The stage and the wings

The stage is the most important part of the ancient theater of Taormina and it has partially preserved its original form. However, nothing remains of the decorative elements. According to scholars, there were two architectural orders in the Corinthian style. The first order, almost leaning against the wall of the stage, consisted of nine columns arranged in groups of three. They supported an arched portico that served as a canopy over the stage. In the wall behind these columns were three doors for the artists to enter the stage, and in the same wall were niches where statues were placed. The second architectural order consisted of 16 lower columns at regular intervals. On both sides of the stage there were two large chambers (parasceni) that enclosed the boxes and prevented the passage of the audience. They were used as dressing rooms and for storing stage equipment.

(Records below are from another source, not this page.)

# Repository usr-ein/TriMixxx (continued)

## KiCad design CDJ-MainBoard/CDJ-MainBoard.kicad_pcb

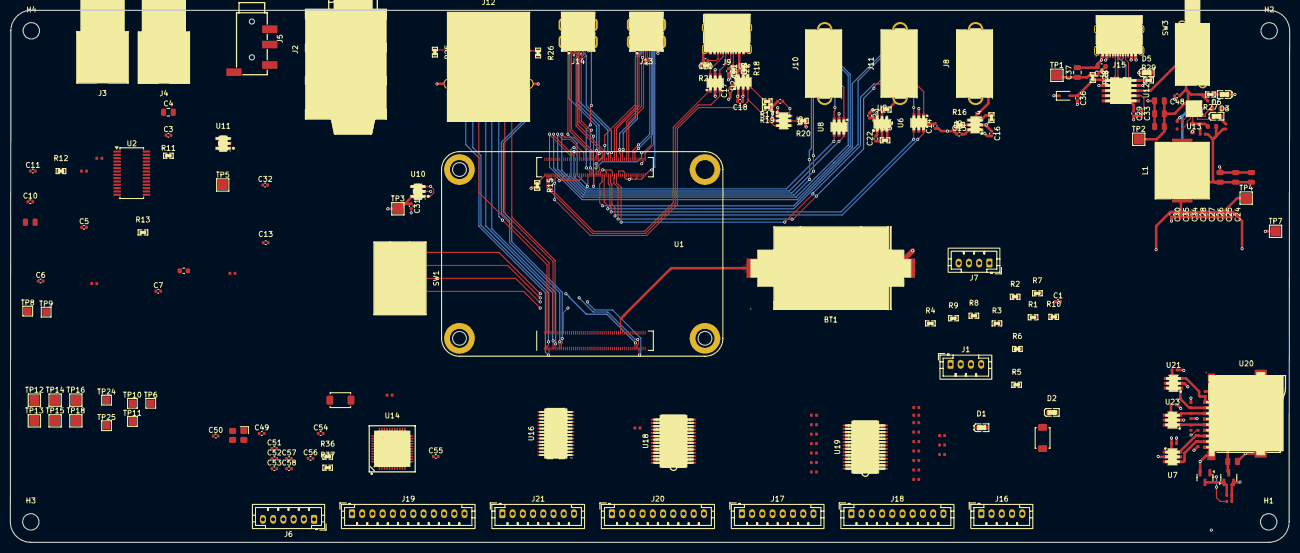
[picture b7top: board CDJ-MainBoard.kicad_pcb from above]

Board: 4 copper layers, 250.1 x 104.0 mm, 210 parts (0 on the bottom side), 219 nets.

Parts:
BT1: CR2032-BS-6-1; BAT-TH_CR2032-BS-6-1
C1, C3, C5, C10, C20, C21, C24, C27, C28, C29, C30, C33, C34, C35, C51, C53, C56, C57: 100nF; C_0402_1005Metric
C2, C8, C9, C12: 2.2uF; C_0402
C4: 10µF; C_0805_2012Metric
C6, C7, C14, C15, C16, C17, C18, C19, C22, C23, C36: 1µF; C_0402_1005Metric
C11, C13: 2.2nF; C_0402_1005Metric
C25, C26, C31, C32, C54, C55: 1uF; C_0402_1005Metric
C37: 10µF/35V; C_0805_2012Metric
C38: 100nF/50V; C_0603_1608Metric
C39, C40, C41, C46: 22uF; C_0805
C42, C43, C60, C76: 10uF; C_0805
C44, C61, C62, C63, C65, C66, C75: 100nF; C_0402
C45: 1uF; C_0402
C47: 100pF; C_0402
C48: 100nF/50V; C_0402_1005Metric
C49, C50: 15pF; C_0402_1005Metric
C52: 10nF; C_0402_1005Metric
C58: 22nF; C_0402_1005Metric
D1, D5: PSC-1608U52GC-G4; LED0603-RD_GREEN
D2: XL-1608UBC-04; LED0603-RD_BLUE
D3, D6: KT-0603R; LED0603-RD
D4: BZT52C3V3S; D_SOD-323
FB1: FB_0603
H1, H2, H3, H4: MountingHole; MountingHole_3.2mm_M3
J1: J_FAN_PWM; JST_PH_B4B-PH-K_1x04_P2.00mm_Vertical
J2: PJ-611E 6.35mm jack; AUDIO-TH_PJ-611E_1
J3: J_RCA_L (white); CONN-TH_AV-5
J4: J_RCA_R (red); CONN-TH_AV-5
J5: PJ-320D 3.5mm jack; AUDIO-SMD_PJ-320D-1
J6: J_ISP_ATMEGA; JST_PH_B6B-PH-K_1x06_P2.00mm_Vertical
J7: J_I2C; JST_PH_B4B-PH-K_1x04_P2.00mm_Vertical
J8: AUX POWER USB_A; USB-3.0-A-TH_HC-ST-003-010-L15.0-J-K
J9: TYPE-C_16PIN_2MD(073); USB-C-SMD_TYPE-C-6PIN-2MD-073
J10: USB_DJ_STICK (USB3_A); USB-3.0-A-TH_HC-ST-003-010-L15.0-J-K
J11: USB_SCREEN (USB3_A); USB-3.0-A-TH_HC-ST-003-010-L15.0-J-K
J12: HR911130A; RJ45-TH_HR911130A
J13, J14: PI HDMI_0 (HDMI_D_1.4 micro); HDMI-SMD_HDMI-101S
J15: TYPE-C-31-M-12; USB-C_SMD-TYPE-C-31-M-12_1
J16: J_JOGWHEEL; JST_PH_B5B-PH-K_1x05_P2.00mm_Vertical
J17: J_HOTCUES; JST_PH_B8B-PH-K_1x08_P2.00mm_Vertical
J18: J_LEFT_CTRLS; JST_PH_B10B-PH-K_1x10_P2.00mm_Vertical
J19: J_RIGHT_CTRLS; JST_PH_B12B-PH-K_1x12_P2.00mm_Vertical
J20: J_TOP_LEFT; JST_PH_B10B-PH-K_1x10_P2.00mm_Vertical
J21: J_TOP_RIGHT; JST_PH_B8B-PH-K_1x08_P2.00mm_Vertical
L1: SL1040-2R2M; IND-SMD_SL1040-R47M
Q1: AO3400A NFET; Q_SOT-23
Q2: SI2301CDS-T1-GE3 P-FET; Q_SOT-23
R1, R15, R16, R18, R20, R24, R36: 10kΩ; R0402
R2, R3, R21, R22: 5.1kΩ; R0402
R4, R6: 220Ω; R0402
R5, R7, R9: 2.2kΩ; R0402
R8: 100Ω; R0402
R10, R27, R28: 3.3kΩ; R0402
R11: 47kΩ; R0402
R12, R13: 470Ω; R0402
R14, R17, R19, R23: 100kΩ; R0402
R25, R26: 270Ω; R0402
R29: 1kΩ; R0402
R30: 100kΩ; R_0402
R31: 18kΩ; R_0603
R32: 10Ω; R_0402
R33: 510Ω; R_0402
R34: 200kΩ; R_0603
R35: 27kΩ; R_0603
R37: 22kΩ; R0402
R41, R52, R55, R70, R71, R72, R73, R74, R75, R76: 10kΩ; R_0402
R53, R54: 4.7kΩ; R_0402
R56, R57, R58, R59, R60, R61, R62, R63, R64, R65, R66, R67, R68: 330Ω; R_0402
R69: 33Ω; R_0402
SW1: DSWB05LHGET; SW-TH_DSWB05LHGET
SW2: PWR_BUT_CM5; SW_TS-1088-AR02016
SW3: SW_MAIN_POWER; SW-TH_PS-22E05
SW4: RESET_BTN; SW_TS-1088-AR02016
TP1: TP_20V_USB_RAIL; TestPoint_Pad_2.0x2.0mm
TP2: TP_20V_USB; TestPoint_Pad_2.0x2.0mm
TP3: TP_3.3_DGTL; TestPoint_Pad_2.0x2.0mm
TP4: TP_5V; TestPoint_Pad_2.0x2.0mm
TP5: TP_3.3_ANALOG; TestPoint_Pad_2.0x2.0mm
TP6: TP_I2C_SDA; TestPoint_Pad_1.5x1.5mm
TP7: TP_GND; TestPoint_Pad_2.0x2.0mm
TP8: TP_I2C_SCL; TestPoint_Pad_1.5x1.5mm
TP9: TP_I2S_BCK; TestPoint_Pad_1.5x1.5mm
TP10: TP_I2S_LRCK; TestPoint_Pad_1.5x1.5mm
TP11: TP_I2S_DIN; TestPoint_Pad_1.5x1.5mm
TP12: PF7; TestPoint_Pad_2.0x2.0mm
TP13: PF6; TestPoint_Pad_2.0x2.0mm
TP14: PF5; TestPoint_Pad_2.0x2.0mm
TP15: PF4; TestPoint_Pad_2.0x2.0mm
TP16: PF1; TestPoint_Pad_2.0x2.0mm
TP18: PC7; TestPoint_Pad_2.0x2.0mm
TP24: I2C_SDA_ARDUINO; TestPoint_Pad_1.5x1.5mm
TP25: I2C_SCL_ARDUINO; TestPoint_Pad_1.5x1.5mm
U1: Compute_Module_5_Functional; CM5
U2: PCM5122PW; TSSOP-28_4.4x9.7mm_P0.65mm
U3, U4, U5, U9: AP2553W6-7; SOT-26_L3.0-W1.6-P0.95-LS2.8-BL
U6, U7, U8, U21, U22, U23: USBLC6-2SC6-ES; SOT-23-6_L2.9-W1.6-P0.95-LS2.8-BR
U10: AP2112K-3.3 DIGITAL PSU LDO; SOT-23-5_L2.9-W1.6-P0.95-LS2.8-BR
U11: AP2112K-3.3 ANALOG AUDIO LDO; SOT-23-5_L2.9-W1.6-P0.95-LS2.8-BR
U12: CH224K; ESSOP-10_L4.9-W3.9-P1.0-LS6.0-TL-EP
U13: SY8368AQQC; QFN-12_L3.0-W3.0-P0.45-TL-EP
U14: ATmega32U4-A (Arduino MIDI controller); VQFN-44_L7.0-W7.0-P0.50-BL-EP5.2
U16: 74HC4067PW,118; TSSOP-28_L9.8-W6.6-P0.65-BL
U18, U19: MCP23017T-E/SS; SSOP-28_L10.2-W5.3-P0.65-LS7.8-BL
U20: TF-15×15; TF-SMD_TF-15-15
X1: X322516MLB4SI; OSC-SMD_4P-L3.2-W2.5-BL

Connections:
+3.3V: C1.1, C3.2, C4.2, C31.1, C65.1, C66.1, C75.1, J7.4, J12.10, Q2.2 (S), R5.2, R7.2, R11.2, R25.2, R26.2, R70.1, R71.1, R72.1, R73.1, R74.1, R75.1, R76.1, TP3.1, U1.78 (GPIO_VREF), U2.28 (DVDD), U7.5 (VCC), U10.5 (VOUT), U21.5 (VCC), U23.5 (VCC)
+3.3V_ANALOG: C5.2, C32.1, FB1.2, TP5.1, U2.1 (CPVDD), U2.8 (AVDD), U11.5 (VOUT)
+5V: C14.2, C16.2, C18.2, C22.2, C24.1, C25.1, C26.1, C27.1, C28.1, C30.1, C34.1, C35.1, C39.2, C40.2, C41.2, C47.2, C55.2, C56.2, C57.2, C61.1, C62.1, C63.1, J1.2, J6.2, J13.19 (+5V), J14.19 (+5V), J16.4, J17.7, J18.9, J19.10, J20.9, J21.7, L1.1, R1.1, R33.1, R34.2, R36.2, R37.1, R52.2, R53.1, R54.1, R55.2, TP4.1, U1.77 (+5V), U1.79 (+5V), U1.81 (+5V), U1.83 (+5V), U1.85 (+5V), U1.87 (+5V), U3.1 (IN), U4.1 (IN), U5.1 (IN), U6.5 (VCC), U8.5 (VCC), U9.1 (IN), U10.1 (VIN), U10.3 (EN), U11.1 (VIN), U11.3 (EN), U14.2 (UVCC), U14.7 (VBUS), U14.14 (VCC), U14.24 (AVCC), U14.34 (VCC), U14.44 (AVCC), U16.24 (VCC), U18.9 (VDD), U19.9 (VDD), U19.15 (A0), U22.5 (VCC)
+20V_USB: C42.1, C43.1, C46.2, C48.1, R27.2, R30.1, SW3.1, TP2.1, U13.4 (IN), U13.5 (IN), U13.6 (IN)
+20V_USB_RAIL: C37.1, C38.1, J15.A4B9 (VBUS), J15.B4A9 (VBUS), R28.1, TP1.1
/Arduino MIDI/BTN_BACK: J21.1, U19.7 (GPB6)
/Arduino MIDI/BTN_CUE: J18.2, U18.22 (GPA1)
/Arduino MIDI/BTN_DIRECTION: J20.1, U18.2 (GPB1)
/Arduino MIDI/BTN_HOTCUE_1: J17.1, U18.3 (GPB2)
/Arduino MIDI/BTN_HOTCUE_2: J17.2, U18.4 (GPB3)
/Arduino MIDI/BTN_HOTCUE_3: J17.3, U18.5 (GPB4)
/Arduino MIDI/BTN_JOG_MODE: J19.4, U19.21 (GPA0)
/Arduino MIDI/BTN_LOOP_IN: J20.2, U18.6 (GPB5)
/Arduino MIDI/BTN_LOOP_OUT: J20.3, U18.7 (GPB6)
/Arduino MIDI/BTN_MTEMPO: J19.2, U18.24 (GPA3)
/Arduino MIDI/BTN_PLAY: J18.1, U18.21 (GPA0)
/Arduino MIDI/BTN_RELOOP: J20.4, U18.8 (GPB7)
/Arduino MIDI/BTN_SEARCH_L: J18.3, U18.26 (GPA5)
/Arduino MIDI/BTN_SEARCH_R: J18.4, U18.27 (GPA6)
/Arduino MIDI/BTN_TEMPO_RANGE: J19.3, U18.25 (GPA4)
/Arduino MIDI/BTN_TEMPO_RST: J19.1, U18.23 (GPA2)
/Arduino MIDI/BTN_TRACK_L: J18.5, U18.28 (GPA7)
/Arduino MIDI/BTN_TRACK_R: J18.6, U18.1 (GPB0)
/Arduino MIDI/FADER_ADIN: J19.9, U16.9 (Y0)
/Arduino MIDI/I2C_SCL_ATMEGA: R53.2, TP25.1, U14.18 (PD0), U18.12 (SCK), U19.12 (SCK)
/Arduino MIDI/I2C_SDA_ATMEGA: R54.2, TP24.1, U14.19 (PD1), U18.13 (SDA), U19.13 (SDA)
/Arduino MIDI/JOG1: J16.1, U14.8 (PB0)
/Arduino MIDI/JOG_TOUCH: C58.1, J16.3, R37.2, U14.1 (PE6)
/Arduino MIDI/LED_CUE: J18.8, R61.2
/Arduino MIDI/LED_DIRECTION: J20.5, R59.2
/Arduino MIDI/LED_HOTCUE1: J17.4, R58.2
/Arduino MIDI/LED_HOTCUE2: J17.5, R57.2
/Arduino MIDI/LED_HOTCUE3: J17.6, R56.2
/Arduino MIDI/LED_JOG_MODE_1: J19.5, R66.1
/Arduino MIDI/LED_JOG_MODE_2: J19.6, R67.1
/Arduino MIDI/LED_LOOP_IN: J20.6, R63.1
/Arduino MIDI/LED_LOOP_OUT: J20.7, R64.1
/Arduino MIDI/LED_MTEMPO: J19.8, R60.2
/Arduino MIDI/LED_PLAY: J18.7, R62.2
/Arduino MIDI/LED_RELOOP: J20.8, R65.1
/Arduino MIDI/LED_TEMPO_RST: J19.7, R68.1
/Arduino MIDI/MCP1_INT: U14.28 (PB4), U18.19 (INTB), U18.20 (INTA)
/Arduino MIDI/MCP2_INT: U14.29 (PB5), U19.19 (INTB), U19.20 (INTA)
/Arduino MIDI/MUX_S0: U14.25 (PD4), U16.10 (S0)
/Arduino MIDI/MUX_S1: U14.26 (PD6), U16.11 (S1)
/Arduino MIDI/MUX_S2: U14.27 (PD7), U16.14 (S2)
/Arduino MIDI/MUX_S3: U14.22 (PD5), U16.13 (S3)
/Arduino MIDI/MUX_SIG: U14.41 (PF0), U16.1 (Z)
/Arduino MIDI/RELEASE_BRAKE_ADIN: J21.6, U16.7 (Y2)
/Arduino MIDI/TOUCH_BRAKE_ADIN: J21.5, U16.8 (Y1)
/Arduino MIDI/TRACK_ENC_A: J21.2, U14.30 (PB6)
/Arduino MIDI/TRACK_ENC_B: J21.3, U14.31 (PC6)
/Arduino MIDI/TRACK_ENC_PUSH: J21.4, U14.12 (PB7)
/Audio Outputs/RCA_LEFT: C13.1, J2.6 (LEFT_P), J3.2 (SIGNL), J5.2 (LEFT_P), R13.2
/Audio Outputs/RCA_RIGHT: C11.1, J2.4 (RIGHT_P), J4.2 (SIGNL), J5.3 (RIGHT_P), R12.2
/Compute Module/SD_CLK: R69.2, U20.5 (CLK), U23.1 (I/O1), U23.6 (I/O1)
/Compute Module/SD_CMD: R70.2, U1.62 (SD_CMD), U20.3 (CMD), U23.3 (I/O2), U23.4 (I/O2)
/Compute Module/SD_DAT0: R76.2, U1.63 (SD_DAT0), U7.1 (I/O1), U7.6 (I/O1), U20.7 (DAT0)
/Compute Module/SD_DAT1: R75.2, U1.67 (SD_DAT1), U7.3 (I/O2), U7.4 (I/O2), U20.8 (DAT1)
/Compute Module/SD_DAT2: R74.2, U1.69 (SD_DAT2), U20.1 (DAT2), U21.3 (I/O2), U21.4 (I/O2)
/Compute Module/SD_DAT3: R72.2, U1.61 (SD_DAT3), U20.2 (CD/DAT3), U21.1 (I/O1), U21.6 (I/O1)
/Compute Module/SD_PWR_ON: Q1.1 (G), R71.2, U1.75 (SD_PWR_ON)
/Compute Module/SD_VDD: C76.2, Q2.3 (D), U20.4 (VDD)
/Compute Module/S_BOOT_GND: SW1.3 (A3), U1.93 (~nRPIBOOT)
/Compute Module/S_BT_GND: SW1.2 (A2), U1.91 (~BT_nDisable)
/Compute Module/S_EEPROM_WP_GND: SW1.4 (A4), U1.20 (EEPROM_nWP)
/Compute Module/S_WIFI_GND: SW1.1 (A1), U1.89 (~WL_nDisable)
/HDMI and Ethernet/eth_nled_2: J12.13, U1.17 (~Ethernet_nLED2)
/HDMI and Ethernet/eth_nled_3: J12.12, U1.15 (~Ethernet_nLED3)
/HDMI and Ethernet/eth_p0_n: J12.3 (MDI0-), U1.10 (Ethernet_Pair0_N)
/HDMI and Ethernet/eth_p0_p: J12.2 (MDI0+), U1.12 (Ethernet_Pair0_P)
/HDMI and Ethernet/eth_p1_n: J12.7 (MDI1-), U1.6 (Ethernet_Pair1_N)
/HDMI and Ethernet/eth_p1_p: J12.4 (MDI1+), U1.4 (Ethernet_Pair1_P)
/HDMI and Ethernet/eth_p2_n: J12.6 (MDI2-), U1.9 (Ethernet_Pair2_N)
/HDMI and Ethernet/eth_p2_p: J12.5 (MDI2+), U1.11 (Ethernet_Pair2_P)
/HDMI and Ethernet/eth_p3_n: J12.9 (MDI3-), U1.5 (Ethernet_Pair3_N)
/HDMI and Ethernet/eth_p3_p: J12.8 (MDI3+), U1.3 (Ethernet_Pair3_P)
/USB DJ Ports/USB_AUX_POWR_VBUS: C15.2, J8.1 (VBUS), U3.6 (OUT)
/USB DJ Ports/USB_C_DJ_DM: U1.103 (USB_N), U22.3 (I/O2)
/USB DJ Ports/USB_C_DJ_DP: U1.105 (USB_P), U22.1 (I/O1)
/USB DJ Ports/USB_C_DJ_VBUS: C17.2, J9.2 (VBUS), J9.11 (VBUS), U4.6 (OUT)
/USB DJ Ports/USB_DJ_DM: U1.136 (USB3-0-DM), U8.6 (I/O1)
/USB DJ Ports/USB_DJ_DP: U1.134 (USB3-0-DP), U8.4 (I/O2)
/USB DJ Ports/USB_DJ_SSRXM: J10.5 (SSRX-), U1.128 (USB3-0-RX_N)
/USB DJ Ports/USB_DJ_SSRXP: J10.6 (SSRX+), U1.130 (USB3-0-RX_P)
/USB DJ Ports/USB_DJ_SSTXM: J10.8 (SSTX-), U1.140 (USB3-0-TX_N)
/USB DJ Ports/USB_DJ_SSTXP: J10.9 (SSTX+), U1.142 (USB3-0-TX_P)
/USB DJ Ports/USB_DJ_VBUS: C19.2, J10.1 (VBUS), U5.6 (OUT)
/USB DJ Ports/USB_DJ_VBUS_EN: R17.2, R19.2, U1.111 (VBUS_EN), U4.3 (EN), U5.3 (EN)
/USB DJ Ports/USB_SCR_DM: U1.165 (USB3-1-DM), U6.6 (I/O1)
/USB DJ Ports/USB_SCR_DP: U1.163 (USB3-1-DP), U6.4 (I/O2)
/USB DJ Ports/USB_SCR_SSRXM: J11.5 (SSRX-), U1.157 (USB3-1-RX_N)
/USB DJ Ports/USB_SCR_SSRXP: J11.6 (SSRX+), U1.159 (USB3-1-RX_P)
/USB DJ Ports/USB_SCR_SSTXM: J11.8 (SSTX-), U1.169 (USB3-1-TX_N)
/USB DJ Ports/USB_SCR_SSTXP: J11.9 (SSTX+), U1.171 (USB3-1-TX_P)
/USB DJ Ports/USB_SCR_VBUS: C23.2, J11.1 (VBUS), U9.6 (OUT)
GND: BT1.2, C1.2, C2.1, C3.1, C4.1, C5.1, C6.2, C7.2, C10.2, C11.2, C13.2, C14.1, C15.1, C16.1, C17.1, C18.1, C19.1, C20.2, C21.2, C22.1, C23.1, C24.2, C25.2, C26.2, C27.2, C28.2, C29.2, C30.2, C31.2, C32.2, C33.2, C34.2, C35.2, C36.2, C37.2, C38.2, C39.1, C40.1, C41.1, C42.2, C43.2, C45.1, C46.1, C48.2, C49.2, C50.1, C51.1, C53.1, C54.2, C55.1, C56.1, C57.1, C58.2, C60.2, C61.2, C62.2, C63.2, C65.2, C66.2, C75.2, C76.1, D1.1 (K), D2.1 (K), D3.1 (K), D4.1, D5.1 (K), J1.1, J2.2 (GND/SHLD), J5.1 (GND/SHLD), J6.6, J7.1, J8.4 (GND), J8.5 (Shield), J9.1 (GND), J9.12 (GND), J9.13 (SHELL), J9.14 (SHELL), J10.4 (GND), J10.7 (DRAIN), J10.10 (SHIELD), J11.4 (GND), J11.7 (DRAIN), J11.10 (SHIELD), J12.SHIELD0, J12.SHIELD1, J13.4 (D2S), J13.7 (D1S), J13.10 (D0S), J13.13 (CKS), J13.16 (GND), J14.4 (D2S), J14.7 (D1S), J14.10 (D0S), J14.13 (CKS), J14.16 (GND), J15.1 (EH), J15.2 (EH), J15.3 (EH), J15.4 (EH), J15.A1B12 (GND), J15.B1A12 (GND), J16.5, J17.8, J18.10, J19.11, J19.12, J20.10, J21.8, Q1.2 (S), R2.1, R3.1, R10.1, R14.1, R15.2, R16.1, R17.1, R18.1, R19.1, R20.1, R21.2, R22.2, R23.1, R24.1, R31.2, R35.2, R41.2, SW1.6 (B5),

The Cavea and the Orchestra

The Cavea or stalls of the ancient Taormina Theatre is completely dug into the rock, has a diameter of 109 meters and could hold up to 5,400 spectators. Five corridors divided the rows of seats horizontally, while eight staircases, made up of thirty steps, divided it into nine sections. The stairs started from the stalls and ended at the top, against the front wall, at the eight small doors that led to the covered corridor. Between each small door were niches with statues of famous authors of dramatic art. The covered corridor followed the entire semicircular perimeter of the cavea and had the function of closing the cavea on both sides. The floor was supported by the vault of the first portico below. Between the stage and the cavea was the orchestra, reserved for the players and the chorus. It was enlarged and surrounded by a protective podium, thus eliminating the stage.

The Antiquarium

Above the Cavea of the ancient Theatre of Taormina there is the Antiquarium, a small museum where archaeological finds from the Theatre and other monuments of Taormina are exhibited. You can admire fragments of sarcophagi, statues with young torsos, a biped centaur, small bronzes and ceramics. The most interesting finds are undoubtedly the epigraphs and inscriptions dating from 150 B.C. to the Roman Empire. Some of these tablets refer to the public administrators of ancient Tauromenion, among them tamiai, the administrators of the public treasury, hieromnamones, the keepers of the sacred things, and agoranomoi, that is, the police of the time.

The ancient theater of Taormina today

Since the 50’s the Teatro Antico of Taormina has been used as an open air stage for various forms of entertainment, from David di Donatello award ceremonies to symphony concerts, from opera to ballet, from plays to Greek tragedies. Over the years, artists such as Deep Purple, Elton John, James Blunt, Kasabian, Sting, Santana have performed there. Since 1983, the Teatro Antico has also hosted one of the most important cultural events in Sicily, Taormina Arte. It is a festival that includes several events divided into sections of music and dance, theater, exhibitions and cinema. The most important event is the Taormina Film Festival, an international film festival that awards the “Silver Ribbon”.